Extraordinária vitória dos Munduruku contra a estupidez do desenvolvimentismo caolho

Munduruku

Nem só de euforias nacionalistas e do sobe e desce da política nacional vive o Brasil. No último dia 4, o Ibama (Instituto Brasileiro do Meio Ambiente e dos Recursos Naturais Renováveis) colocou a pique uma das joias da coroa do desenvolvimentismo brasileiro (mais propriamente dito do desenvolvimentismo lulo-petista) ao cancelar licença para a construção da hidrelétrica de São Luiz do Tapajós (Pará).

Não custa lembrar, também, que esta foi uma luta exclusiva dos índios munduruku, dos ribeirinhos do Tapajós e de algumas poucas organizações sociais, enquanto a maioria dos brasileiros (à esquerda e à direita) era indiferente ou até mesmo apoiadora do projeto.

Seguem dois textos:

“Ibama arquiva licenciamento da hidrelétrica São Luiz do Tapajós”

O Instituto Brasileiro do Meio Ambiente (Ibama) arquivou hoje (4/8) o processo de licenciamento ambiental da usina São Luiz do Tapajós, conforme recomendado pelo Ministério Público Federal (MPF) e seguindo pareceres da Fundação Nacional do Índio (Funai) e do próprio Ibama. O arquivamento se dá por razões legais – a usina alagaria território indígena Munduruku e obrigaria remoção de aldeias, o que é proibido pela Constituição, mas também por falhas nos estudos de impacto ambiental.

A reportagem foi publicada por Ministério Público Federal no Pará, 04-08-2016.

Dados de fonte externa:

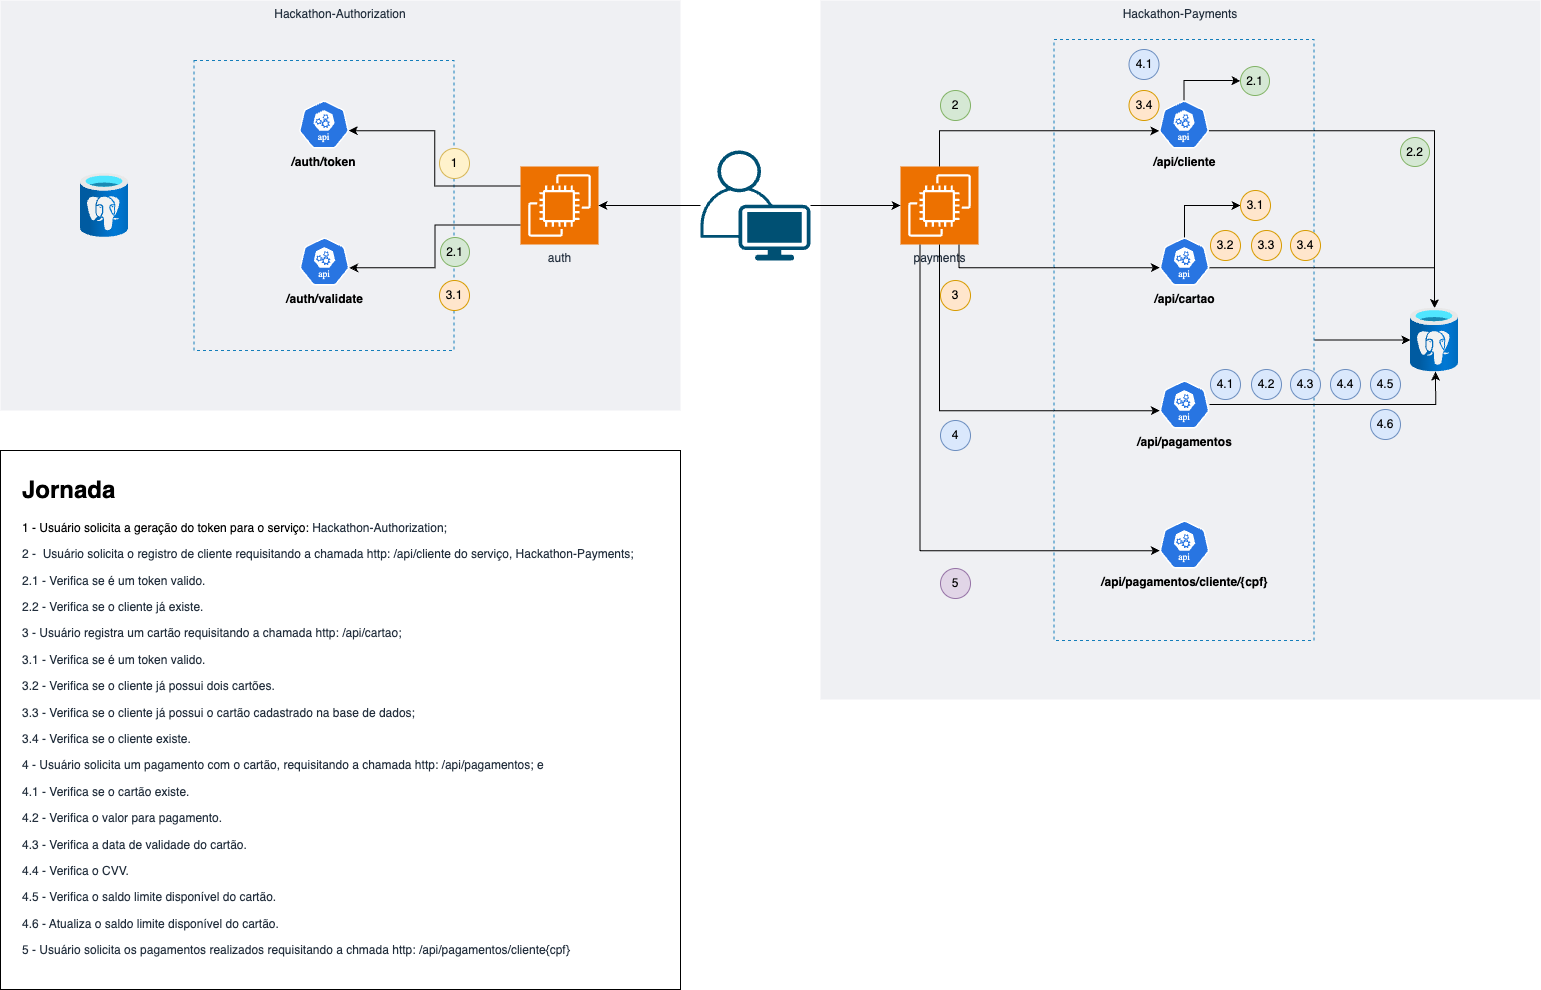

The diagram above was exported from draw.io. Its source (the exported page's mxGraphModel, read from the mxfile embedded in the PNG):
<mxGraphModel dx="3217" dy="1423" grid="1" gridSize="10" guides="1" tooltips="1" connect="1" arrows="1" fold="1" page="1" pageScale="1" pageWidth="827" pageHeight="1169" math="0" shadow="0">
  <root>
    <mxCell id="0" />
    <mxCell id="1" parent="0" />
    <mxCell id="dCi2mr4LiYDVyKbxEAa7-5" value="Hackathon-Authorization" style="fillColor=#EFF0F3;strokeColor=none;dashed=0;verticalAlign=top;fontStyle=0;fontColor=#232F3D;whiteSpace=wrap;html=1;" vertex="1" parent="1">
      <mxGeometry x="-40" y="161" width="680" height="410" as="geometry" />
    </mxCell>
    <mxCell id="dCi2mr4LiYDVyKbxEAa7-1" value="auth" style="sketch=0;points=[[0,0,0],[0.25,0,0],[0.5,0,0],[0.75,0,0],[1,0,0],[0,1,0],[0.25,1,0],[0.5,1,0],[0.75,1,0],[1,1,0],[0,0.25,0],[0,0.5,0],[0,0.75,0],[1,0.25,0],[1,0.5,0],[1,0.75,0]];outlineConnect=0;fontColor=#232F3E;fillColor=#ED7100;strokeColor=#ffffff;dashed=0;verticalLabelPosition=bottom;verticalAlign=top;align=center;html=1;fontSize=12;fontStyle=0;aspect=fixed;shape=mxgraph.aws4.resourceIcon;resIcon=mxgraph.aws4.ec2;" vertex="1" parent="1">
      <mxGeometry x="480" y="327" width="78" height="78" as="geometry" />
    </mxCell>
    <mxCell id="dCi2mr4LiYDVyKbxEAa7-3" value="" style="image;aspect=fixed;html=1;points=[];align=center;fontSize=12;image=img/lib/azure2/databases/Azure_Database_PostgreSQL_Server.svg;" vertex="1" parent="1">
      <mxGeometry x="40" y="334" width="48" height="64" as="geometry" />
    </mxCell>
    <mxCell id="dCi2mr4LiYDVyKbxEAa7-9" value="" style="fillColor=none;strokeColor=#147EBA;dashed=1;verticalAlign=top;fontStyle=0;fontColor=#147EBA;whiteSpace=wrap;html=1;" vertex="1" parent="1">
      <mxGeometry x="153.5" y="221" width="260" height="290" as="geometry" />
    </mxCell>
    <mxCell id="dCi2mr4LiYDVyKbxEAa7-11" value="&lt;b&gt;/auth/token&lt;/b&gt;" style="aspect=fixed;sketch=0;html=1;dashed=0;whitespace=wrap;verticalLabelPosition=bottom;verticalAlign=top;fillColor=#2875E2;strokeColor=#ffffff;points=[[0.005,0.63,0],[0.1,0.2,0],[0.9,0.2,0],[0.5,0,0],[0.995,0.63,0],[0.72,0.99,0],[0.5,1,0],[0.28,0.99,0]];shape=mxgraph.kubernetes.icon2;kubernetesLabel=1;prIcon=api" vertex="1" parent="1">
      <mxGeometry x="258.5" y="261" width="50" height="48" as="geometry" />
    </mxCell>
    <mxCell id="dCi2mr4LiYDVyKbxEAa7-12" value="&lt;b&gt;/auth/validate&lt;/b&gt;" style="aspect=fixed;sketch=0;html=1;dashed=0;whitespace=wrap;verticalLabelPosition=bottom;verticalAlign=top;fillColor=#2875E2;strokeColor=#ffffff;points=[[0.005,0.63,0],[0.1,0.2,0],[0.9,0.2,0],[0.5,0,0],[0.995,0.63,0],[0.72,0.99,0],[0.5,1,0],[0.28,0.99,0]];shape=mxgraph.kubernetes.icon2;kubernetesLabel=1;prIcon=api" vertex="1" parent="1">
      <mxGeometry x="259" y="398" width="50" height="48" as="geometry" />
    </mxCell>
    <mxCell id="dCi2mr4LiYDVyKbxEAa7-13" value="Hackathon-Payments" style="fillColor=#EFF0F3;strokeColor=none;dashed=0;verticalAlign=top;fontStyle=0;fontColor=#232F3D;whiteSpace=wrap;html=1;" vertex="1" parent="1">
      <mxGeometry x="780" y="161" width="720" height="699" as="geometry" />
    </mxCell>
    <mxCell id="dCi2mr4LiYDVyKbxEAa7-15" value="payments" style="sketch=0;points=[[0,0,0],[0.25,0,0],[0.5,0,0],[0.75,0,0],[1,0,0],[0,1,0],[0.25,1,0],[0.5,1,0],[0.75,1,0],[1,1,0],[0,0.25,0],[0,0.5,0],[0,0.75,0],[1,0.25,0],[1,0.5,0],[1,0.75,0]];outlineConnect=0;fontColor=#232F3E;fillColor=#ED7100;strokeColor=#ffffff;dashed=0;verticalLabelPosition=bottom;verticalAlign=top;align=center;html=1;fontSize=12;fontStyle=0;aspect=fixed;shape=mxgraph.aws4.resourceIcon;resIcon=mxgraph.aws4.ec2;" vertex="1" parent="1">
      <mxGeometry x="860" y="327" width="78" height="78" as="geometry" />
    </mxCell>
    <mxCell id="dCi2mr4LiYDVyKbxEAa7-16" value="" style="image;aspect=fixed;html=1;points=[];align=center;fontSize=12;image=img/lib/azure2/databases/Azure_Database_PostgreSQL_Server.svg;" vertex="1" parent="1">
      <mxGeometry x="1370" y="468.5" width="48" height="64" as="geometry" />
    </mxCell>
    <mxCell id="dCi2mr4LiYDVyKbxEAa7-42" style="edgeStyle=orthogonalEdgeStyle;rounded=0;orthogonalLoop=1;jettySize=auto;html=1;" edge="1" parent="1" source="dCi2mr4LiYDVyKbxEAa7-17" target="dCi2mr4LiYDVyKbxEAa7-16">
      <mxGeometry relative="1" as="geometry" />
    </mxCell>
    <mxCell id="dCi2mr4LiYDVyKbxEAa7-17" value="" style="fillColor=none;strokeColor=#147EBA;dashed=1;verticalAlign=top;fontStyle=0;fontColor=#147EBA;whiteSpace=wrap;html=1;" vertex="1" parent="1">
      <mxGeometry x="1013.5" y="200" width="260" height="601" as="geometry" />
    </mxCell>
    <mxCell id="dCi2mr4LiYDVyKbxEAa7-53" style="edgeStyle=orthogonalEdgeStyle;rounded=0;orthogonalLoop=1;jettySize=auto;html=1;exitX=0.995;exitY=0.63;exitDx=0;exitDy=0;exitPerimeter=0;" edge="1" parent="1" source="dCi2mr4LiYDVyKbxEAa7-18" target="dCi2mr4LiYDVyKbxEAa7-16">
      <mxGeometry relative="1" as="geometry" />
    </mxCell>
    <mxCell id="dCi2mr4LiYDVyKbxEAa7-56" style="edgeStyle=orthogonalEdgeStyle;rounded=0;orthogonalLoop=1;jettySize=auto;html=1;exitX=0.5;exitY=0;exitDx=0;exitDy=0;exitPerimeter=0;entryX=0;entryY=0.5;entryDx=0;entryDy=0;" edge="1" parent="1" source="dCi2mr4LiYDVyKbxEAa7-18" target="dCi2mr4LiYDVyKbxEAa7-48">
      <mxGeometry relative="1" as="geometry" />
    </mxCell>
    <mxCell id="dCi2mr4LiYDVyKbxEAa7-18" value="&lt;b&gt;/api/cliente&lt;/b&gt;" style="aspect=fixed;sketch=0;html=1;dashed=0;whitespace=wrap;verticalLabelPosition=bottom;verticalAlign=top;fillColor=#2875E2;strokeColor=#ffffff;points=[[0.005,0.63,0],[0.1,0.2,0],[0.9,0.2,0],[0.5,0,0],[0.995,0.63,0],[0.72,0.99,0],[0.5,1,0],[0.28,0.99,0]];shape=mxgraph.kubernetes.icon2;kubernetesLabel=1;prIcon=api" vertex="1" parent="1">
      <mxGeometry x="1118.5" y="261" width="50" height="48" as="geometry" />
    </mxCell>
    <mxCell id="dCi2mr4LiYDVyKbxEAa7-57" style="edgeStyle=orthogonalEdgeStyle;rounded=0;orthogonalLoop=1;jettySize=auto;html=1;exitX=0.5;exitY=0;exitDx=0;exitDy=0;exitPerimeter=0;entryX=0;entryY=0.5;entryDx=0;entryDy=0;" edge="1" parent="1" source="dCi2mr4LiYDVyKbxEAa7-19" target="dCi2mr4LiYDVyKbxEAa7-55">
      <mxGeometry relative="1" as="geometry" />
    </mxCell>
    <mxCell id="dCi2mr4LiYDVyKbxEAa7-59" style="edgeStyle=orthogonalEdgeStyle;rounded=0;orthogonalLoop=1;jettySize=auto;html=1;exitX=0.995;exitY=0.63;exitDx=0;exitDy=0;exitPerimeter=0;" edge="1" parent="1" source="dCi2mr4LiYDVyKbxEAa7-19" target="dCi2mr4LiYDVyKbxEAa7-16">
      <mxGeometry relative="1" as="geometry" />
    </mxCell>
    <mxCell id="dCi2mr4LiYDVyKbxEAa7-19" value="&lt;b&gt;/api/cartao&lt;/b&gt;" style="aspect=fixed;sketch=0;html=1;dashed=0;whitespace=wrap;verticalLabelPosition=bottom;verticalAlign=top;fillColor=#2875E2;strokeColor=#ffffff;points=[[0.005,0.63,0],[0.1,0.2,0],[0.9,0.2,0],[0.5,0,0],[0.995,0.63,0],[0.72,0.99,0],[0.5,1,0],[0.28,0.99,0]];shape=mxgraph.kubernetes.icon2;kubernetesLabel=1;prIcon=api" vertex="1" parent="1">
      <mxGeometry x="1119" y="398" width="50" height="48" as="geometry" />
    </mxCell>
    <mxCell id="dCi2mr4LiYDVyKbxEAa7-21" value="" style="points=[[0.35,0,0],[0.98,0.51,0],[1,0.71,0],[0.67,1,0],[0,0.795,0],[0,0.65,0]];verticalLabelPosition=bottom;sketch=0;html=1;verticalAlign=top;aspect=fixed;align=center;pointerEvents=1;shape=mxgraph.cisco19.user;fillColor=#005073;strokeColor=none;" vertex="1" parent="1">
      <mxGeometry x="660" y="311" width="110" height="110" as="geometry" />
    </mxCell>
    <mxCell id="dCi2mr4LiYDVyKbxEAa7-22" style="edgeStyle=orthogonalEdgeStyle;rounded=0;orthogonalLoop=1;jettySize=auto;html=1;entryX=1;entryY=0.5;entryDx=0;entryDy=0;entryPerimeter=0;" edge="1" parent="1" source="dCi2mr4LiYDVyKbxEAa7-21" target="dCi2mr4LiYDVyKbxEAa7-1">
      <mxGeometry relative="1" as="geometry" />
    </mxCell>
    <mxCell id="dCi2mr4LiYDVyKbxEAa7-23" style="edgeStyle=orthogonalEdgeStyle;rounded=0;orthogonalLoop=1;jettySize=auto;html=1;entryX=0;entryY=0.5;entryDx=0;entryDy=0;entryPerimeter=0;" edge="1" parent="1" source="dCi2mr4LiYDVyKbxEAa7-21" target="dCi2mr4LiYDVyKbxEAa7-15">
      <mxGeometry relative="1" as="geometry" />
    </mxCell>
    <mxCell id="dCi2mr4LiYDVyKbxEAa7-24" style="edgeStyle=orthogonalEdgeStyle;rounded=0;orthogonalLoop=1;jettySize=auto;html=1;exitX=0.5;exitY=0;exitDx=0;exitDy=0;exitPerimeter=0;entryX=0.005;entryY=0.63;entryDx=0;entryDy=0;entryPerimeter=0;" edge="1" parent="1" source="dCi2mr4LiYDVyKbxEAa7-15" target="dCi2mr4LiYDVyKbxEAa7-18">
      <mxGeometry relative="1" as="geometry" />
    </mxCell>
    <mxCell id="dCi2mr4LiYDVyKbxEAa7-25" style="edgeStyle=orthogonalEdgeStyle;rounded=0;orthogonalLoop=1;jettySize=auto;html=1;exitX=0;exitY=0.25;exitDx=0;exitDy=0;exitPerimeter=0;entryX=0.995;entryY=0.63;entryDx=0;entryDy=0;entryPerimeter=0;" edge="1" parent="1" source="dCi2mr4LiYDVyKbxEAa7-1" target="dCi2mr4LiYDVyKbxEAa7-11">
      <mxGeometry relative="1" as="geometry" />
    </mxCell>
    <mxCell id="dCi2mr4LiYDVyKbxEAa7-26" style="edgeStyle=orthogonalEdgeStyle;rounded=0;orthogonalLoop=1;jettySize=auto;html=1;exitX=0;exitY=0.75;exitDx=0;exitDy=0;exitPerimeter=0;entryX=0.995;entryY=0.63;entryDx=0;entryDy=0;entryPerimeter=0;" edge="1" parent="1" source="dCi2mr4LiYDVyKbxEAa7-1" target="dCi2mr4LiYDVyKbxEAa7-12">
      <mxGeometry relative="1" as="geometry" />
    </mxCell>
    <mxCell id="dCi2mr4LiYDVyKbxEAa7-29" value="1" style="ellipse;whiteSpace=wrap;html=1;aspect=fixed;fillColor=#fff2cc;strokeColor=#d6b656;" vertex="1" parent="1">
      <mxGeometry x="399" y="309" width="30" height="30" as="geometry" />
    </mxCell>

“Determino o arquivamento do processo nº 02001.003643/2009-77. O projeto apresentado e seu respectivo Estudo de Impacto Ambiental – EIA não possuem o conteúdo necessário para análise de viabilidade socioambiental, tendo sido extrapolado o prazo previsto na resolução Conama 237/1997, para apresentação das complementações exigidas pelo Ibama”, diz a presidente do Ibama, Suely Mara Araújo, em despacho enviado à Diretoria de Licenciamento do órgão para que tome providências para o encerramento do processo.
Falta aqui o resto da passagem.